#### PROBLEM TO SOLVE:
There is one span to output from the data below: the lines starting at the line with "J1: USB_OTG; USB-B-MICRO-SMD_V03-fixed" and ending at the line with "R2: 4k7; R_0603_HandSoldering". Output it exactly, ends included, nothing more.

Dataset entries
>>>

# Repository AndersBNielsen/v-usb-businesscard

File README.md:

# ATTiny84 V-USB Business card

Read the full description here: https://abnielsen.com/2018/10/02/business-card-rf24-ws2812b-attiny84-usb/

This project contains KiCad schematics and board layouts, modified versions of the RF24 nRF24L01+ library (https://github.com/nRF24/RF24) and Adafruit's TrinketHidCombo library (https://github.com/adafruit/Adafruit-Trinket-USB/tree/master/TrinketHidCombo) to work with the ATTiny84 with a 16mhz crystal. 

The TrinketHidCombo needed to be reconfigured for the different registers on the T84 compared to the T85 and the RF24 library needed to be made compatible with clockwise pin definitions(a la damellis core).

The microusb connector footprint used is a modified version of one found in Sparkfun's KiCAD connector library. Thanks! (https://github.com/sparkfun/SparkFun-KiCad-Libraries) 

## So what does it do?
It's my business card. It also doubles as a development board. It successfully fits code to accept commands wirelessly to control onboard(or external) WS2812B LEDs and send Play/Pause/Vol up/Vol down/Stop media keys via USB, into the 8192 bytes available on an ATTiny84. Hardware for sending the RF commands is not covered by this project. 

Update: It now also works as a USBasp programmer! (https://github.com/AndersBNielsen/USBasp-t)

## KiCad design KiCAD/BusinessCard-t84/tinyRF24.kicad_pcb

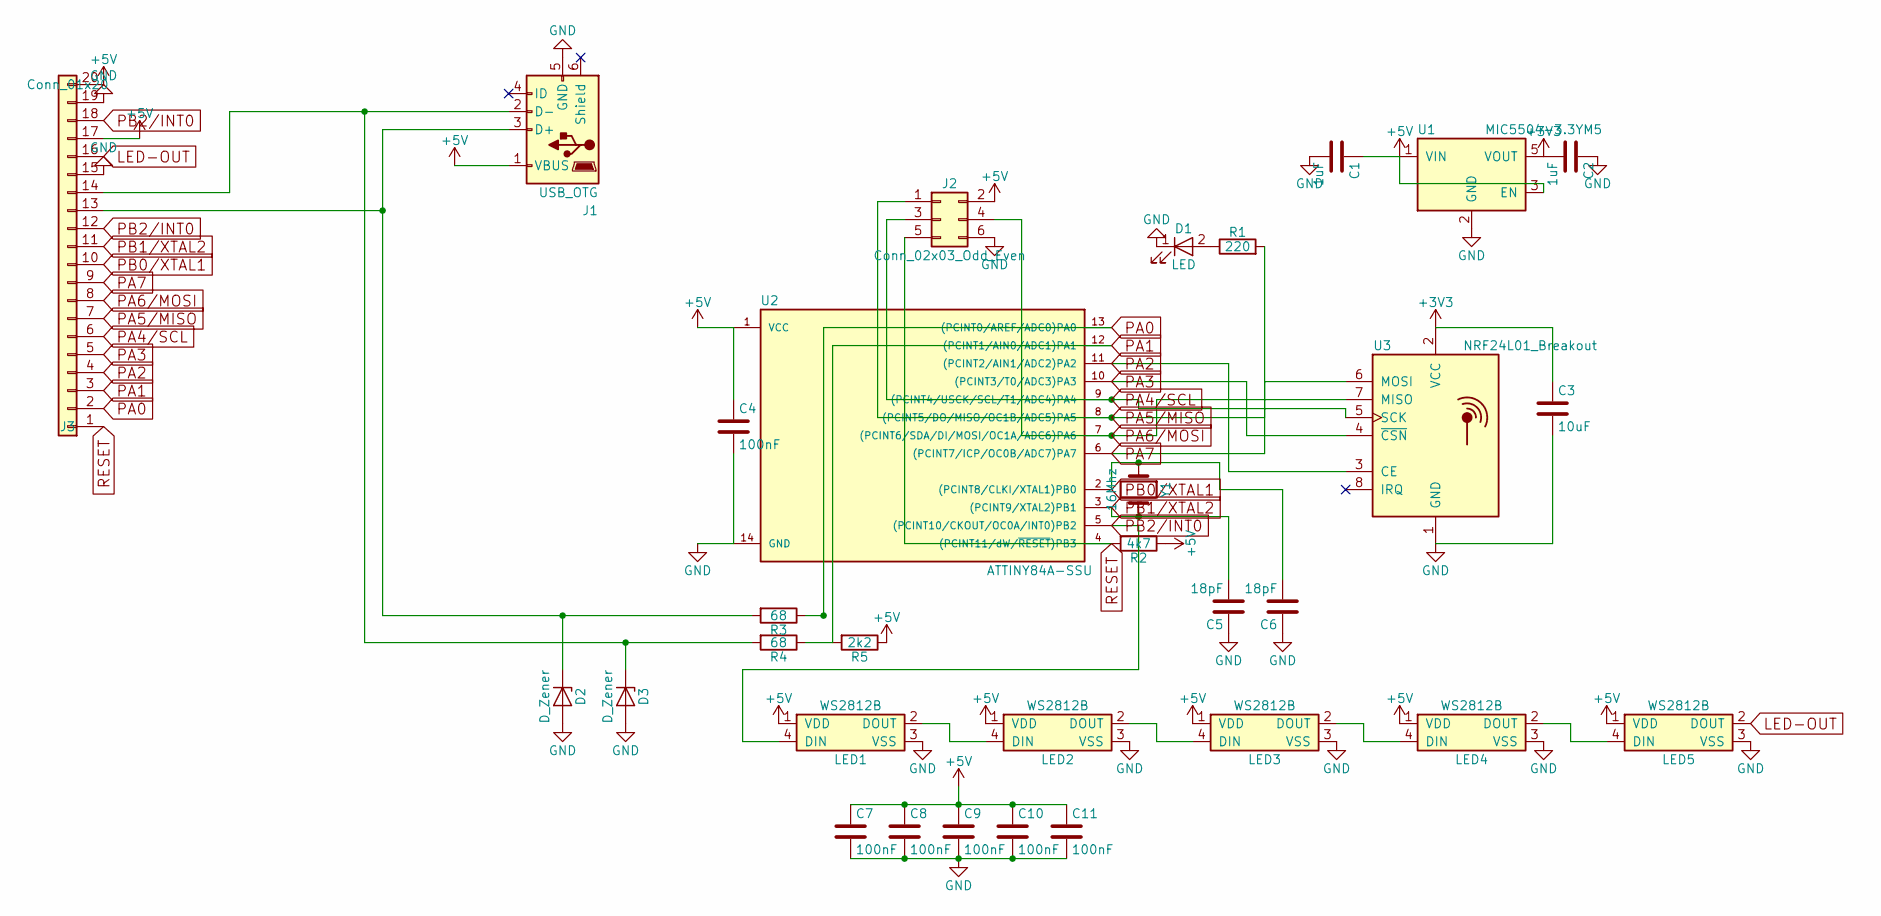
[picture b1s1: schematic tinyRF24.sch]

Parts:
C1, C2: 1uF; C_0603_HandSoldering
C3: 10uF; C_0805_HandSoldering
C4, C7, C8, C9, C10, C11: 100nF; C_0603_HandSoldering
C5, C6: 18pF; C_0603_HandSoldering
D1: LED; LED_0603_HandSoldering
D2, D3: D_Zener; D_SOD-323
J1: USB_OTG; USB-B-MICRO-SMD_V03-fixed
J2: Conn_02x03_Odd_Even; Pin_Header_Straight_2x03_Pitch2.54mm_SMD
J3: Conn_01x20; Pin_Header_Straight_1x20_Pitch2.54mm
LED1, LED2, LED3, LED4, LED5: WS2812B; LED_WS2812B-PLCC4
R1: 220; R_0603_HandSoldering
R2: 4k7; R_0603_HandSoldering
R3, R4: 68; R_0603_HandSoldering
R5: 2k2; R_0603_HandSoldering
U1: MIC5504-3.3YM5; SOT-23-5
U2: ATTINY84A-SSU; SOIC-14_3.9x8.7mm_Pitch1.27mm
U3: NRF24L01_Breakout; NRF24L01-SMD
Y1: 16Mhz; Crystal_HC49-4H_Vertical

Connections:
+3V3: C2.2, C3.1, U1.5 (VOUT), U3.2 (VCC)
+5V: C1.1, C4.1, C7.1, C8.1, C9.1, C10.1, C11.1, J1.1 (VBUS), J2.2, J3.17, J3.20, LED1.1 (VDD), LED2.1 (VDD), LED3.1 (VDD), LED4.1 (VDD), LED5.1 (VDD), R2.1, R5.1, U1.1 (VIN), U1.3 (EN), U2.1 (VCC)
GND: C1.2, C2.1, C3.2, C4.2, C5.1, C6.1, C7.2, C8.2, C9.2, C10.2, C11.2, D1.1 (K), D2.2 (A), D3.2 (A), J1.5 (GND), J2.6, J3.15, J3.19, LED1.3 (VSS), LED2.3 (VSS), LED3.3 (VSS), LED4.3 (VSS), LED5.3 (VSS), U1.2 (GND), U2.14 (GND), U3.1 (GND)
LED-OUT: J3.16, LED5.2 (DOUT)
unnamed: D1.2 (A), R1.1
unnamed: D2.1 (K), J1.3 (D+), J3.13, R3.2
unnamed: D3.1 (K), J1.2 (D-), J3.14, R4.2
unnamed: LED1.2 (DOUT), LED2.4 (DIN)
unnamed: LED2.2 (DOUT), LED3.4 (DIN)
unnamed: LED3.2 (DOUT), LED4.4 (DIN)
unnamed: LED4.2 (DOUT), LED5.4 (DIN)
PA0: J3.2, R3.1, U2.13 ((PCINT0/AREF/ADC0)PA0)
PA1: J3.3, R4.1, R5.2, U2.12 ((PCINT1/AIN0/ADC1)PA1)
PA2: J3.4, U2.11 ((PCINT2/AIN1/ADC2)PA2), U3.3 (CE)
PA3: J3.5, U2.10 ((PCINT3/T0/ADC3)PA3), U3.4 (~CSN)
PA4/SCL: J2.3, J3.6, U2.9 ((PCINT4/USCK/SCL/T1/ADC4)PA4), U3.5 (SCK)
PA5/MISO: J2.1, J3.7, U2.8 ((PCINT5/DO/MISO/OC1B/ADC5)PA5), U3.6 (MOSI)
PA6/MOSI: J2.4, J3.8, U2.7 ((PCINT6/SDA/DI/MOSI/OC1A/ADC6)PA6), U3.7 (MISO)
PA7: J3.9, R1.2, U2.6 ((PCINT7/ICP/OC0B/ADC7)PA7)
PB0/XTAL1: C6.2, J3.10, U2.2 ((PCINT8/CLKI/XTAL1)PB0), Y1.1
PB1/XTAL2: C5.2, J3.11, U2.3 ((PCINT9/XTAL2)PB1), Y1.2
PB2/INT0: J3.12, J3.18, LED1.4 (DIN), U2.5 ((PCINT10/CKOUT/OC0A/INT0)PB2)
RESET: J2.5, J3.1, R2.2, U2.4 ((PCINT11/dW/~RESET~)PB3)

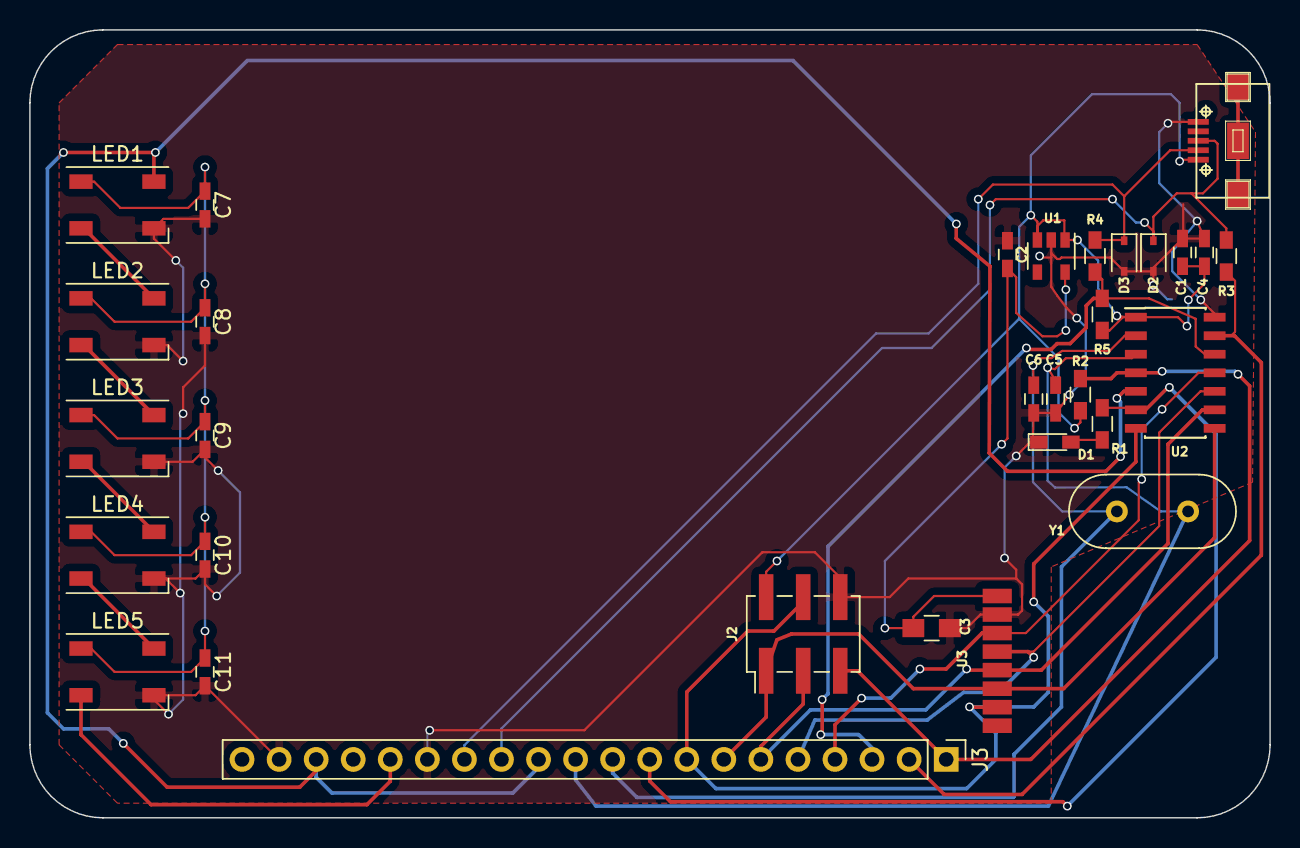
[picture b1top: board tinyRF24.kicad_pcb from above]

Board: 2 copper layers, 85.0 x 54.0 mm, 31 parts (0 on the bottom side), 23 nets.

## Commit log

2018-10-04 Add files via upload
    Arduino sketch

<<<

#### SOLUTION FOR THIS TASK:
J1: USB_OTG; USB-B-MICRO-SMD_V03-fixed
J2: Conn_02x03_Odd_Even; Pin_Header_Straight_2x03_Pitch2.54mm_SMD
J3: Conn_01x20; Pin_Header_Straight_1x20_Pitch2.54mm
LED1, LED2, LED3, LED4, LED5: WS2812B; LED_WS2812B-PLCC4
R1: 220; R_0603_HandSoldering
R2: 4k7; R_0603_HandSoldering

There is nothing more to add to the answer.